Into the Drowning Deep
- Cover art for Into the Drowning Deep
- Author: Mira Grant
- Language: English
- Genre: Horror, Science fiction
- Set in: 2022, Mariana Trench, Challenger Deep
- Publisher: Orbit Books
- Publication date: 14 November 2017
- Media type: Print, ebook
- Pages: 448 (Hardcover)
- ISBN: 978-0316379403
- Preceded by: Rolling in the Deep
- Website: https://www.miragrant.com/books/into-the-drowning-deep/

= Into the Drowning Deep =

2017 novel by Mira Grant

Into the Drowning Deep is a 2017 science fiction horror novel by Mira Grant. It is the follow-up to her 2015 novella Rolling in the Deep. It focuses on Tory Stewart, a sonar specialist who becomes obsessed with mermaids after her sister's disappearance. Tory's sister Anne worked as a reporter for Imagine Entertainment. While filming a mockumentary about mermaids, the crew of Imagine's ship Atargatis vanished. Tory vows to discover the truth about what happened to her sister.

==Plot==

Seven years prior to the start of the story, the Atargatis is lost at sea. The ship was sent to the Mariana Trench by Imagine Entertainment, which specializes in filming B movies about mythical creatures. Though the ship is recovered weeks later, there is no trace of the crew. Leaked footage from the ship appears to show mermaids slaughtering the crew. The public is highly skeptical of the video and it is largely believed that the footage was being created for a mockumentary. Though some believe the footage is proof of the existence of mermaids, the incident is largely forgotten by popular culture.

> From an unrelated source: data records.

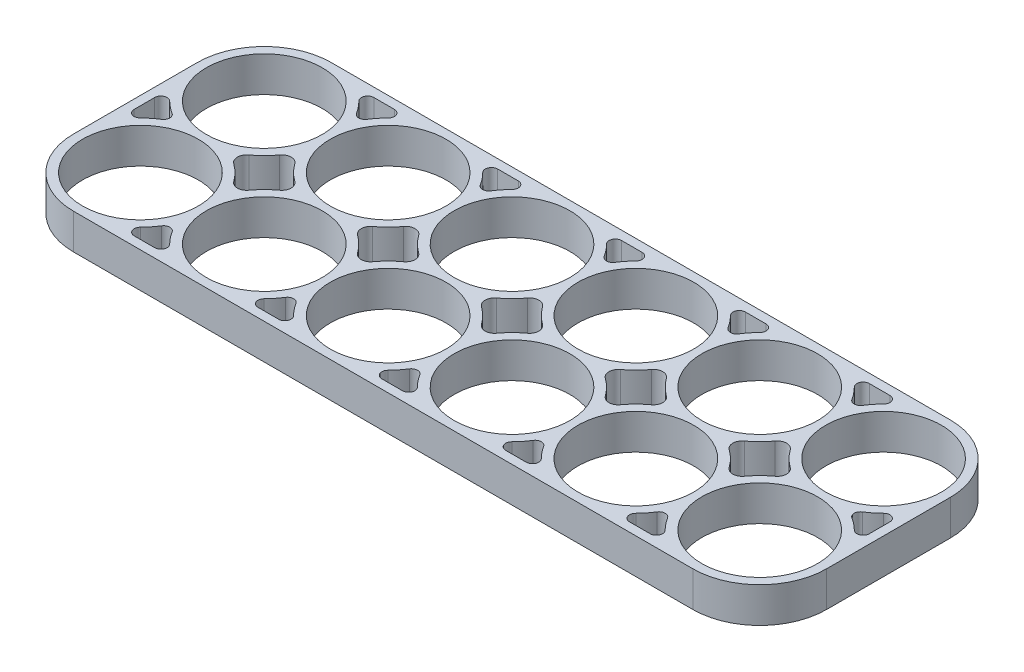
from build123d import *

# Parameters (mm, degrees)
SKIZZE1_R                       = 9.35
AUFSATZ_LINEAR_AUSTRAGEN1_DEPTH = 5.7


with BuildPart() as part:
    # Skizze1 → Aufsatz-Linear austragen1 (new body)
    with BuildSketch(Plane(origin=(0, 0, 0), x_dir=(1, 0, 0), z_dir=(0, 1, 0))):
        with BuildLine():
            Line((-60.8, 10), (-60.8, -10))
            ThreePointArc((-60.8, -10), (-57.636753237, -17.636753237), (-50, -20.8))
            Line((-50, -20.8), (50, -20.8))
            ThreePointArc((50, -20.8), (57.636753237, -17.636753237), (60.8, -10))
            Line((60.8, -10), (60.8, 10))
            ThreePointArc((60.8, 10), (57.636753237, 17.636753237), (50, 20.8))
            Line((50, 20.8), (-50, 20.8))
            ThreePointArc((-50, 20.8), (-57.636753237, 17.636753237), (-60.8, 10))
        make_face()
        with Locations(Location((-50, 10, 0), (0, 0, 270))):
            Circle(SKIZZE1_R, mode=Mode.SUBTRACT)
        with Locations(Location((-30, 10, 0), (0, 0, 270))):
            Circle(SKIZZE1_R, mode=Mode.SUBTRACT)
        with Locations(Location((-10, 10, 0), (0, 0, 270))):
            Circle(SKIZZE1_R, mode=Mode.SUBTRACT)
        with Locations(Location((10, 10, 0), (0, 0, 270))):
            Circle(SKIZZE1_R, mode=Mode.SUBTRACT)
        with Locations(Location((30, 10, 0), (0, 0, 270))):
            Circle(SKIZZE1_R, mode=Mode.SUBTRACT)
        with Locations(Location((50, 10, 0), (0, 0, 270))):
            Circle(SKIZZE1_R, mode=Mode.SUBTRACT)
        with Locations(Location((50, -10, 0), (0, 0, 270))):
            Circle(SKIZZE1_R, mode=Mode.SUBTRACT)
        with Locations(Location((30, -10, 0), (0, 0, 270))):
            Circle(SKIZZE1_R, mode=Mode.SUBTRACT)
        with Locations(Location((10, -10, 0), (0, 0, 270))):
            Circle(SKIZZE1_R, mode=Mode.SUBTRACT)
        with Locations(Location((-10, -10, 0), (0, 0, 270))):
            Circle(SKIZZE1_R, mode=Mode.SUBTRACT)
        with Locations(Location((-30, -10, 0), (0, 0, 270))):
            Circle(SKIZZE1_R, mode=Mode.SUBTRACT)
        with Locations(Location((-50, -10, 0), (0, 0, 270))):
            Circle(SKIZZE1_R, mode=Mode.SUBTRACT)
        with BuildLine():
            Line((-21.662284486, -19.35), (-18.337715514, -19.35))
            ThreePointArc((-18.337715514, -19.35), (-17.41369519, -18.732343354), (-17.631129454, -17.642372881))
            ThreePointArc((-17.631129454, -17.642372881), (-18.445947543, -16.730970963), (-19.152542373, -15.733320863))
            ThreePointArc((-19.152542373, -15.733320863), (-20, -15.264183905), (-20.847457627, -15.733320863))
            ThreePointArc((-20.847457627, -15.733320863), (-21.554052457, -16.730970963), (-22.368870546, -17.642372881))
            ThreePointArc((-22.368870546, -17.642372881), (-22.58630481, -18.732343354), (-21.662284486, -19.35))
        make_face(mode=Mode.SUBTRACT)
        with BuildLine():
            Line((-1.662284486, -19.35), (1.662284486, -19.35))
            ThreePointArc((1.662284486, -19.35), (2.58630481, -18.732343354), (2.368870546, -17.642372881))
            ThreePointArc((2.368870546, -17.642372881), (1.554052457, -16.730970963), (0.847457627, -15.733320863))
            ThreePointArc((0.847457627, -15.733320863), (0, -15.264183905), (-0.847457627, -15.733320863))
            ThreePointArc((-0.847457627, -15.733320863), (-1.554052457, -16.730970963), (-2.368870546, -17.642372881))
            ThreePointArc((-2.368870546, -17.642372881), (-2.58630481, -18.732343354), (-1.662284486, -19.35))
        make_face(mode=Mode.SUBTRACT)
        with BuildLine():
            Line((-59.35, -1.662284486), (-59.35, 1.662284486))
            ThreePointArc((-59.35, 1.662284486), (-58.732343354, 2.58630481), (-57.642372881, 2.368870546))
            ThreePointArc((-57.642372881, 2.368870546), (-56.730970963, 1.554052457), (-55.733320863, 0.847457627))
            ThreePointArc((-55.733320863, 0.847457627), (-55.264183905, 0), (-55.733320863, -0.847457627))
            ThreePointArc((-55.733320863, -0.847457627), (-56.730970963, -1.554052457), (-57.642372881, -2.368870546))
            ThreePointArc((-57.642372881, -2.368870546), (-58.732343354, -2.58630481), (-59.35, -1.662284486))
        make_face(mode=Mode.SUBTRACT)
        with BuildLine():
            Line((-41.662284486, -19.35), (-38.337715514, -19.35))
            ThreePointArc((-38.337715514, -19.35), (-37.41369519, -18.732343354), (-37.631129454, -17.642372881))
            ThreePointArc((-37.631129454, -17.642372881), (-38.445947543, -16.730970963), (-39.152542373, -15.733320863))
            ThreePointArc((-39.152542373, -15.733320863), (-40, -15.264183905), (-40.847457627, -15.733320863))
            ThreePointArc((-40.847457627, -15.733320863), (-41.554052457, -16.730970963), (-42.368870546, -17.642372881))
            ThreePointArc((-42.368870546, -17.642372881), (-42.58630481, -18.732343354), (-41.662284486, -19.35))
        make_face(mode=Mode.SUBTRACT)
        with BuildLine():
            Line((18.337715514, -19.35), (21.662284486, -19.35))
            ThreePointArc((21.662284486, -19.35), (22.58630481, -18.732343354), (22.368870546, -17.642372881))
            ThreePointArc((22.368870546, -17.642372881), (21.554052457, -16.730970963), (20.847457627, -15.733320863))
            ThreePointArc((20.847457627, -15.733320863), (20, -15.264183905), (19.152542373, -15.733320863))
            ThreePointArc((19.152542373, -15.733320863), (18.445947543, -16.730970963), (17.631129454, -17.642372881))
            ThreePointArc((17.631129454, -17.642372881), (17.41369519, -18.732343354), (18.337715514, -19.35))
        make_face(mode=Mode.SUBTRACT)
        with BuildLine():
            Line((38.337715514, -19.35), (41.662284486, -19.35))
            ThreePointArc((41.662284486, -19.35), (42.58630481, -18.732343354), (42.368870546, -17.642372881))
            ThreePointArc((42.368870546, -17.642372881), (41.554052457, -16.730970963), (40.847457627, -15.733320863))
            ThreePointArc((40.847457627, -15.733320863), (40, -15.264183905), (39.152542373, -15.733320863))
            ThreePointArc((39.152542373, -15.733320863), (38.445947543, -16.730970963), (37.631129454, -17.642372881))
            ThreePointArc((37.631129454, -17.642372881), (37.41369519, -18.732343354), (38.337715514, -19.35))
        make_face(mode=Mode.SUBTRACT)
        with BuildLine():
            Line((59.35, -1.662284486), (59.35, 1.662284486))
            ThreePointArc((59.35, 1.662284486), (58.732343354, 2.58630481), (57.642372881, 2.368870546))
            ThreePointArc((57.642372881, 2.368870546), (56.730970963, 1.554052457), (55.733320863, 0.847457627))
            ThreePointArc((55.733320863, 0.847457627), (55.264183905, 0), (55.733320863, -0.847457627))
            ThreePointArc((55.733320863, -0.847457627), (56.730970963, -1.554052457), (57.642372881, -2.368870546))
            ThreePointArc((57.642372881, -2.368870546), (58.732343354, -2.58630481), (59.35, -1.662284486))
        make_face(mode=Mode.SUBTRACT)
        with BuildLine():
            Line((-41.662284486, 19.35), (-38.337715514, 19.35))
            ThreePointArc((-38.337715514, 19.35), (-37.41369519, 18.732343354), (-37.631129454, 17.642372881))
            ThreePointArc((-37.631129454, 17.642372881), (-38.445947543, 16.730970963), (-39.152542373, 15.733320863))
            ThreePointArc((-39.152542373, 15.733320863), (-40, 15.264183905), (-40.847457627, 15.733320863))
            ThreePointArc((-40.847457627, 15.733320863), (-41.554052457, 16.730970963), (-42.368870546, 17.642372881))
            ThreePointArc((-42.368870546, 17.642372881), (-42.58630481, 18.732343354), (-41.662284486, 19.35))
        make_face(mode=Mode.SUBTRACT)
        with BuildLine():
            Line((-21.662284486, 19.35), (-18.337715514, 19.35))
            ThreePointArc((-18.337715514, 19.35), (-17.41369519, 18.732343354), (-17.631129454, 17.642372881))
            ThreePointArc((-17.631129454, 17.642372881), (-18.445947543, 16.730970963), (-19.152542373, 15.733320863))
            ThreePointArc((-19.152542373, 15.733320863), (-20, 15.264183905), (-20.847457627, 15.733320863))
            ThreePointArc((-20.847457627, 15.733320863), (-21.554052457, 16.730970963), (-22.368870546, 17.642372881))
            ThreePointArc((-22.368870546, 17.642372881), (-22.58630481, 18.732343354), (-21.662284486, 19.35))
        make_face(mode=Mode.SUBTRACT)
        with BuildLine():
            Line((-1.662284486, 19.35), (1.662284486, 19.35))
            ThreePointArc((1.662284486, 19.35), (2.58630481, 18.732343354), (2.368870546, 17.642372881))
            ThreePointArc((2.368870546, 17.642372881), (1.554052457, 16.730970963), (0.847457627, 15.733320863))
            ThreePointArc((0.847457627, 15.733320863), (0, 15.264183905), (-0.847457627, 15.733320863))
            ThreePointArc((-0.847457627, 15.733320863), (-1.554052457, 16.730970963), (-2.368870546, 17.642372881))
            ThreePointArc((-2.368870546, 17.642372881), (-2.58630481, 18.732343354), (-1.662284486, 19.35))
        make_face(mode=Mode.SUBTRACT)
        with BuildLine():
            Line((18.337715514, 19.35), (21.662284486, 19.35))
            ThreePointArc((21.662284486, 19.35), (22.58630481, 18.732343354), (22.368870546, 17.642372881))
            ThreePointArc((22.368870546, 17.642372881), (21.554052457, 16.730970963), (20.847457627, 15.733320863))
            ThreePointArc((20.847457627, 15.733320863), (20, 15.264183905), (19.152542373, 15.733320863))
            ThreePointArc((19.152542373, 15.733320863), (18.445947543, 16.730970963), (17.631129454, 17.642372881))
            ThreePointArc((17.631129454, 17.642372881), (17.41369519, 18.732343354), (18.337715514, 19.35))
        make_face(mode=Mode.SUBTRACT)
        with BuildLine():
            Line((38.337715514, 19.35), (41.662284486, 19.35))
            ThreePointArc((41.662284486, 19.35), (42.58630481, 18.732343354), (42.368870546, 17.642372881))
            ThreePointArc((42.368870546, 17.642372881), (41.554052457, 16.730970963), (40.847457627, 15.733320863))
            ThreePointArc((40.847457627, 15.733320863), (40, 15.264183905), (39.152542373, 15.733320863))
            ThreePointArc((39.152542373, 15.733320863), (38.445947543, 16.730970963), (37.631129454, 17.642372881))
            ThreePointArc((37.631129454, 17.642372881), (37.41369519, 18.732343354), (38.337715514, 19.35))
        make_face(mode=Mode.SUBTRACT)
        with BuildLine():
            ThreePointArc((-38.780487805, 3.711674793), (-37.636753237, 2.363246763), (-36.288325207, 1.219512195))
            ThreePointArc((-36.288325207, 1.219512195), (-35.661703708, 0), (-36.288325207, -1.219512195))
            ThreePointArc((-36.288325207, -1.219512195), (-37.636753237, -2.363246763), (-38.780487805, -3.711674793))
            ThreePointArc((-38.780487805, -3.711674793), (-40, -4.338296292), (-41.219512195, -3.711674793))
            ThreePointArc((-41.219512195, -3.711674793), (-42.363246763, -2.363246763), (-43.711674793, -1.219512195))
            ThreePointArc((-43.711674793, -1.219512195), (-44.338296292, 0), (-43.711674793, 1.219512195))
            ThreePointArc((-43.711674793, 1.219512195), (-42.363246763, 2.363246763), (-41.219512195, 3.711674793))
            ThreePointArc((-41.219512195, 3.711674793), (-40, 4.338296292), (-38.780487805, 3.711674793))
        make_face(mode=Mode.SUBTRACT)
        with BuildLine():
            ThreePointArc((-18.780487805, 3.711674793), (-17.636753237, 2.363246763), (-16.288325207, 1.219512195))
            ThreePointArc((-16.288325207, 1.219512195), (-15.661703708, 0), (-16.288325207, -1.219512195))
            ThreePointArc((-16.288325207, -1.219512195), (-17.636753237, -2.363246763), (-18.780487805, -3.711674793))
            ThreePointArc((-18.780487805, -3.711674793), (-20, -4.338296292), (-21.219512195, -3.711674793))
            ThreePointArc((-21.219512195, -3.711674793), (-22.363246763, -2.363246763), (-23.711674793, -1.219512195))
            ThreePointArc((-23.711674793, -1.219512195), (-24.338296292, 0), (-23.711674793, 1.219512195))
            ThreePointArc((-23.711674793, 1.219512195), (-22.363246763, 2.363246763), (-21.219512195, 3.711674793))
            ThreePointArc((-21.219512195, 3.711674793), (-20, 4.338296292), (-18.780487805, 3.711674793))
        make_face(mode=Mode.SUBTRACT)
        with BuildLine():
            ThreePointArc((1.219512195, 3.711674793), (2.363246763, 2.363246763), (3.711674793, 1.219512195))
            ThreePointArc((3.711674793, 1.219512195), (4.338296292, 0), (3.711674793, -1.219512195))
            ThreePointArc((3.711674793, -1.219512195), (2.363246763, -2.363246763), (1.219512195, -3.711674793))
            ThreePointArc((1.219512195, -3.711674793), (0, -4.338296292), (-1.219512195, -3.711674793))
            ThreePointArc((-1.219512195, -3.711674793), (-2.363246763, -2.363246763), (-3.711674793, -1.219512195))
            ThreePointArc((-3.711674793, -1.219512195), (-4.338296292, 0), (-3.711674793, 1.219512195))
            ThreePointArc((-3.711674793, 1.219512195), (-2.363246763, 2.363246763), (-1.219512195, 3.711674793))
            ThreePointArc((-1.219512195, 3.711674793), (0, 4.338296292), (1.219512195, 3.711674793))
        make_face(mode=Mode.SUBTRACT)
        with BuildLine():
            ThreePointArc((21.219512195, 3.711674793), (22.363246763, 2.363246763), (23.711674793, 1.219512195))
            ThreePointArc((23.711674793, 1.219512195), (24.338296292, 0), (23.711674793, -1.219512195))
            ThreePointArc((23.711674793, -1.219512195), (22.363246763, -2.363246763), (21.219512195, -3.711674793))
            ThreePointArc((21.219512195, -3.711674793), (20, -4.338296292), (18.780487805, -3.711674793))
            ThreePointArc((18.780487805, -3.711674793), (17.636753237, -2.363246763), (16.288325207, -1.219512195))
            ThreePointArc((16.288325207, -1.219512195), (15.661703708, 0), (16.288325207, 1.219512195))
            ThreePointArc((16.288325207, 1.219512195), (17.636753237, 2.363246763), (18.780487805, 3.711674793))
            ThreePointArc((18.780487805, 3.711674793), (20, 4.338296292), (21.219512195, 3.711674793))
        make_face(mode=Mode.SUBTRACT)
        with BuildLine():
            ThreePointArc((41.219512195, 3.711674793), (42.363246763, 2.363246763), (43.711674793, 1.219512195))
            ThreePointArc((43.711674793, 1.219512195), (44.338296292, 0), (43.711674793, -1.219512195))
            ThreePointArc((43.711674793, -1.219512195), (42.363246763, -2.363246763), (41.219512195, -3.711674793))
            ThreePointArc((41.219512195, -3.711674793), (40, -4.338296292), (38.780487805, -3.711674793))
            ThreePointArc((38.780487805, -3.711674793), (37.636753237, -2.363246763), (36.288325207, -1.219512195))
            ThreePointArc((36.288325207, -1.219512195), (35.661703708, 0), (36.288325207, 1.219512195))
            ThreePointArc((36.288325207, 1.219512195), (37.636753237, 2.363246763), (38.780487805, 3.711674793))
            ThreePointArc((38.780487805, 3.711674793), (40, 4.338296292), (41.219512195, 3.711674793))
        make_face(mode=Mode.SUBTRACT)
    extrude(amount=AUFSATZ_LINEAR_AUSTRAGEN1_DEPTH)


solid = part.part

Theodore Blackwell is an Imagine representative who begins recruiting interested parties for a second voyage to the Mariana Trench aboard the Melusine. His goal is to prove the existence of mermaids and to capture a live specimen, restoring the reputation of Imagine. He is accompanied by several hundred scientists and crew members, including his estranged wife Dr. Jillian Toth, Tory Stewart, Imagine reporter Olivia Sanderson, and the three Wilson sisters, all scientists.

At the Mariana Trench, Heather Wilson attempts to become the first human to reach the Challenger Deep in a submersible. She is killed by mermaids, proving their existence. Theodore captures a mermaid and keeps it in a tank. Over the course of several days, scouting parties of mermaids kill several crew members. Olivia and Tory begin a romantic relationship. The ship is then swarmed by mermaids, resulting in the deaths of most of the crew members. As the ship's safety systems fail, Dr. Toth works to unravel the mysteries of mermaid physiology and save the remaining crew. Hallie Wilson learns to communicate with the captive mermaid via sign language, which saves several crew members from being eaten. Tory realizes that all of the mermaids are actually male, and that the female is a ship-sized behemoth who is slowly moving toward the ship. She uses undersea lights to repel the female, and Olivia helps repair the ship's dysfunctional safety shutters. The surviving crew members are rescued days later.

==Reception==
Gerry Paige Smith of BookPage gave the novel a positive review, calling it original and stating it "will unnerve and enthrall even seasoned horror fans." Kirkus Reviews gave the novel a mostly positive review. They praised the novel's atmosphere of claustrophobic horror, while criticizing its length and excessive parenthetical asides. They positively compared the work to Jurassic Park and also praised Grant's smart commentary about climate change and the exploitation of sea creatures. Publishers Weekly gave a mixed review, praising the novel's concept and gore, while criticizing the writing style as clichéd and meandering.